I was sitting at my favorite local waterfront “conference center” (aka marina pub) late last summer swapping solutions to the world’s problems and spinning boating yarns, truthful and not, with some friends.
Eventually the topic turned to the two inevitabilities of boating: seasickness and groundings, specifically debating their terms and euphemisms: Does one actually need to lose one’s cookies to be considered seasick or does mere nausea qualify? Is a grounding really a grounding if you aren’t actually stuck—hard aground—or does that most delicate of terms “touching bottom” fill the bill?
When the Buffalo wings arrived, the mal de mer debate understandably ceased, and we began swapping tales of going where the water wasn’t. Somewhere around the time the fritters showed up, someone offered this comment: “Did you ever notice that people go aground coming back in a lot more often than they do going out?” General derision soon morphed into a reluctant acceptance and then into an energetic embrace of this as everyone remembered how many more late-day mishaps they had endured than early ones. Various explanatory theories were proffered, including the influences of fatigue and alcohol, the diminution of natural light, and something about sunspots.
A few days later, in a more contemplative venue, I pondered this phenomenon—especially since it seemed to jibe with my experience. I did a little research and came across an article in The New York Times about something called “decision fatigue.” The article is long and quite involved but the topic is fascinating and worth looking into if you are regularly called upon to make multiple serial decisions, as is a captain.

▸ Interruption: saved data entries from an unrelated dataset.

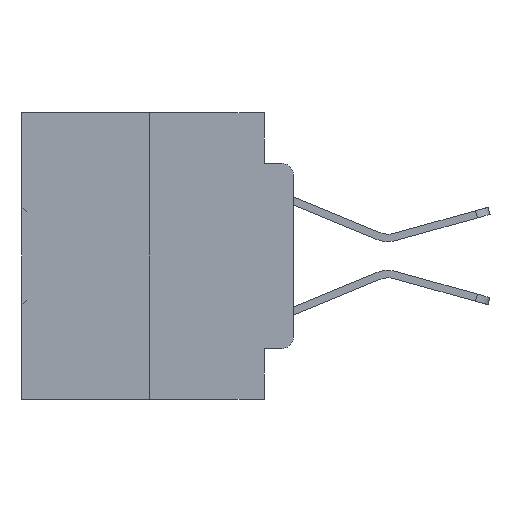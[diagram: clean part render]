
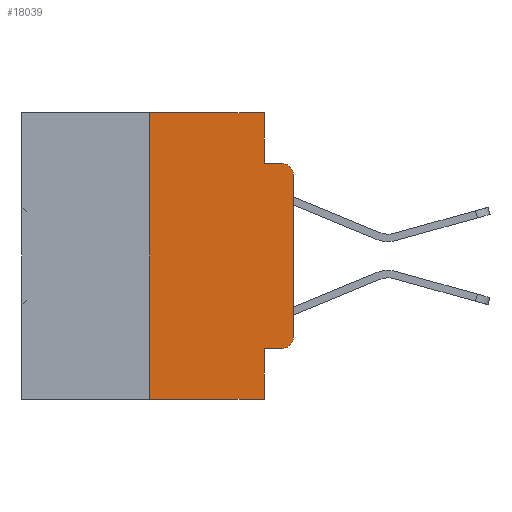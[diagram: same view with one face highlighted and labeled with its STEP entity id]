
A CAD part, left-side view. The second image highlights one B-rep face of the part: STEP entity #18039.
In plain terms, the highlighted planar face has unit normal (-1, 0, 0).
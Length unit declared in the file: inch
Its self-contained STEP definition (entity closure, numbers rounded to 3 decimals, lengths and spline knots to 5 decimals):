
#621 = ORIENTED_EDGE ( 'NONE', *, *, #14418, .F. ) ;
#996 = DIRECTION ( 'NONE',  ( 0., -1., 0. ) ) ;
#1796 = CARTESIAN_POINT ( 'NONE',  ( 0., 0., 0. ) ) ;
#1974 = LINE ( 'NONE', #34581, #24977 ) ;
#2419 = ORIENTED_EDGE ( 'NONE', *, *, #23939, .F. ) ;
#2437 = CARTESIAN_POINT ( 'NONE',  ( 0., 0., -0.3915 ) ) ;
#3364 = CARTESIAN_POINT ( 'NONE',  ( 0., 0.02, -0.1085 ) ) ;
#4056 = VECTOR ( 'NONE', #996, 39.37008 ) ;
#4151 = VERTEX_POINT ( 'NONE', #28373 ) ;
#4976 = LINE ( 'NONE', #28742, #6258 ) ;
#4981 = CARTESIAN_POINT ( 'NONE',  ( 0., 0.473, 0. ) ) ;
#5466 = VERTEX_POINT ( 'NONE', #2437 ) ;
#6258 = VECTOR ( 'NONE', #26917, 39.37008 ) ;
#6924 = ORIENTED_EDGE ( 'NONE', *, *, #16044, .F. ) ;
#7001 = VERTEX_POINT ( 'NONE', #28453 ) ;
#7013 = CARTESIAN_POINT ( 'NONE',  ( 0., 0.473, 0. ) ) ;
#7565 = CARTESIAN_POINT ( 'NONE',  ( 0., 0.02, -0.4115 ) ) ;
#7649 = CARTESIAN_POINT ( 'NONE',  ( 0., 0.02, -0.3915 ) ) ;
#8008 = DIRECTION ( 'NONE',  ( 0., 0., -1. ) ) ;
#8402 = CARTESIAN_POINT ( 'NONE',  ( 0., 0.051, 0. ) ) ;
#8648 = EDGE_CURVE ( 'NONE', #17862, #31339, #12074, .T. ) ;
#8982 = ORIENTED_EDGE ( 'NONE', *, *, #33742, .T. ) ;
#9543 = VECTOR ( 'NONE', #24378, 39.37008 ) ;
#10063 = EDGE_CURVE ( 'NONE', #22958, #30769, #31480, .T. ) ;
#10271 = EDGE_CURVE ( 'NONE', #7001, #4151, #1974, .T. ) ;
#10495 = ORIENTED_EDGE ( 'NONE', *, *, #10271, .F. ) ;
#10996 = DIRECTION ( 'NONE',  ( 0., 0., -1. ) ) ;
#11014 = VERTEX_POINT ( 'NONE', #26141 ) ;
#11708 = VECTOR ( 'NONE', #25324, 39.37008 ) ;
#12007 = CARTESIAN_POINT ( 'NONE',  ( 0., 0.25, -0.5 ) ) ;
#12074 = CIRCLE ( 'NONE', #32549, 0.02 ) ;
#12304 = DIRECTION ( 'NONE',  ( 0., 0., -1. ) ) ;
#12944 = CIRCLE ( 'NONE', #28524, 0.02 ) ;
#12984 = EDGE_CURVE ( 'NONE', #5466, #17862, #14828, .T. ) ;
#14335 = DIRECTION ( 'NONE',  ( 0., -1., 0. ) ) ;
#14418 = EDGE_CURVE ( 'NONE', #20138, #11014, #19055, .T. ) ;
#14575 = CARTESIAN_POINT ( 'NONE',  ( 0., 0.25, 0. ) ) ;
#14828 = LINE ( 'NONE', #1796, #21767 ) ;
#15531 = DIRECTION ( 'NONE',  ( 0., 0., 1. ) ) ;
#15724 = EDGE_LOOP ( 'NONE', ( #30539, #18150, #2419, #10495, #6924, #621, #8982, #20631, #26813, #20715 ) ) ;
#15895 = CARTESIAN_POINT ( 'NONE',  ( 0., 0., -0.1085 ) ) ;
#16044 = EDGE_CURVE ( 'NONE', #11014, #7001, #22517, .T. ) ;
#16440 = VECTOR ( 'NONE', #10996, 39.37008 ) ;
#16834 = AXIS2_PLACEMENT_3D ( 'NONE', #7013, #17804, #20713 ) ;
#17804 = DIRECTION ( 'NONE',  ( 1., 0., 0. ) ) ;
#17862 = VERTEX_POINT ( 'NONE', #15895 ) ;
#18039 = ADVANCED_FACE ( 'NONE', ( #27128 ), #33549, .F. ) ;
#18150 = ORIENTED_EDGE ( 'NONE', *, *, #8648, .T. ) ;
#19055 = LINE ( 'NONE', #14575, #11708 ) ;
#19177 = DIRECTION ( 'NONE',  ( -1., 0., 0. ) ) ;
#19611 = VERTEX_POINT ( 'NONE', #29086 ) ;
#20138 = VERTEX_POINT ( 'NONE', #12007 ) ;
#20631 = ORIENTED_EDGE ( 'NONE', *, *, #26910, .F. ) ;
#20713 = DIRECTION ( 'NONE',  ( 0., 0., -1. ) ) ;
#20715 = ORIENTED_EDGE ( 'NONE', *, *, #33921, .T. ) ;
#21767 = VECTOR ( 'NONE', #15531, 39.37008 ) ;
#22517 = LINE ( 'NONE', #4981, #9543 ) ;
#22525 = DIRECTION ( 'NONE',  ( 0., 0., -1. ) ) ;
#22958 = VERTEX_POINT ( 'NONE', #24441 ) ;
#23939 = EDGE_CURVE ( 'NONE', #4151, #31339, #32269, .T. ) ;
#24378 = DIRECTION ( 'NONE',  ( 0., -1., 0. ) ) ;
#24441 = CARTESIAN_POINT ( 'NONE',  ( 0., 0.051, -0.4115 ) ) ;
#24682 = LINE ( 'NONE', #8402, #16440 ) ;
#24977 = VECTOR ( 'NONE', #12304, 39.37008 ) ;
#25220 = CARTESIAN_POINT ( 'NONE',  ( 0., 0.051, -0.4115 ) ) ;
#25324 = DIRECTION ( 'NONE',  ( 0., 0., 1. ) ) ;
#25833 = VECTOR ( 'NONE', #14335, 39.37008 ) ;
#25927 = CARTESIAN_POINT ( 'NONE',  ( 0., 0.051, -0.0885 ) ) ;
#26141 = CARTESIAN_POINT ( 'NONE',  ( 0., 0.25, 0. ) ) ;
#26813 = ORIENTED_EDGE ( 'NONE', *, *, #10063, .T. ) ;
#26910 = EDGE_CURVE ( 'NONE', #22958, #19611, #24682, .T. ) ;
#26917 = DIRECTION ( 'NONE',  ( 0., -1., 0. ) ) ;
#27128 = FACE_OUTER_BOUND ( 'NONE', #15724, .T. ) ;
#27949 = DIRECTION ( 'NONE',  ( -1., 0., 0. ) ) ;
#28373 = CARTESIAN_POINT ( 'NONE',  ( 0., 0.051, -0.0885 ) ) ;
#28453 = CARTESIAN_POINT ( 'NONE',  ( 0., 0.051, 0. ) ) ;
#28524 = AXIS2_PLACEMENT_3D ( 'NONE', #7649, #19177, #8008 ) ;
#28742 = CARTESIAN_POINT ( 'NONE',  ( 0., 0.473, -0.5 ) ) ;
#29086 = CARTESIAN_POINT ( 'NONE',  ( 0., 0.051, -0.5 ) ) ;
#30539 = ORIENTED_EDGE ( 'NONE', *, *, #12984, .T. ) ;
#30769 = VERTEX_POINT ( 'NONE', #7565 ) ;
#31339 = VERTEX_POINT ( 'NONE', #31723 ) ;
#31480 = LINE ( 'NONE', #25220, #25833 ) ;
#31723 = CARTESIAN_POINT ( 'NONE',  ( 0., 0.02, -0.0885 ) ) ;
#32269 = LINE ( 'NONE', #25927, #4056 ) ;
#32549 = AXIS2_PLACEMENT_3D ( 'NONE', #3364, #27949, #22525 ) ;
#33549 = PLANE ( 'NONE',  #16834 ) ;
#33742 = EDGE_CURVE ( 'NONE', #20138, #19611, #4976, .T. ) ;
#33921 = EDGE_CURVE ( 'NONE', #30769, #5466, #12944, .T. ) ;
#34581 = CARTESIAN_POINT ( 'NONE',  ( 0., 0.051, 0. ) ) ;

The upshot—and I’m really simplifying here—is, to quote the article, “You can’t make decision after decision without paying a biological price.” The article goes on to point out that decision fatigue is different from physical fatigue in that you’re not consciously aware of it. Furthermore, the more choices you’re called upon to make in a given day, the more likely you are to suffer from decision fatigue, the more serious it is likely to be, and the more likely you are to take shortcuts. Shortcuts manifest themselves in two ways: being reckless or doing nothing, neither of which work well on a boat when you’re trying to find your way back to port.
The study’s most important finding is that you can’t avoid decision fatigue, short of off-loading decisions to others—which of course is itself a decision. Indeed every decision counts. Whether you’re trying to figure out which lure to use or which swimming trunks to wear, you’ve only got so much mental energy.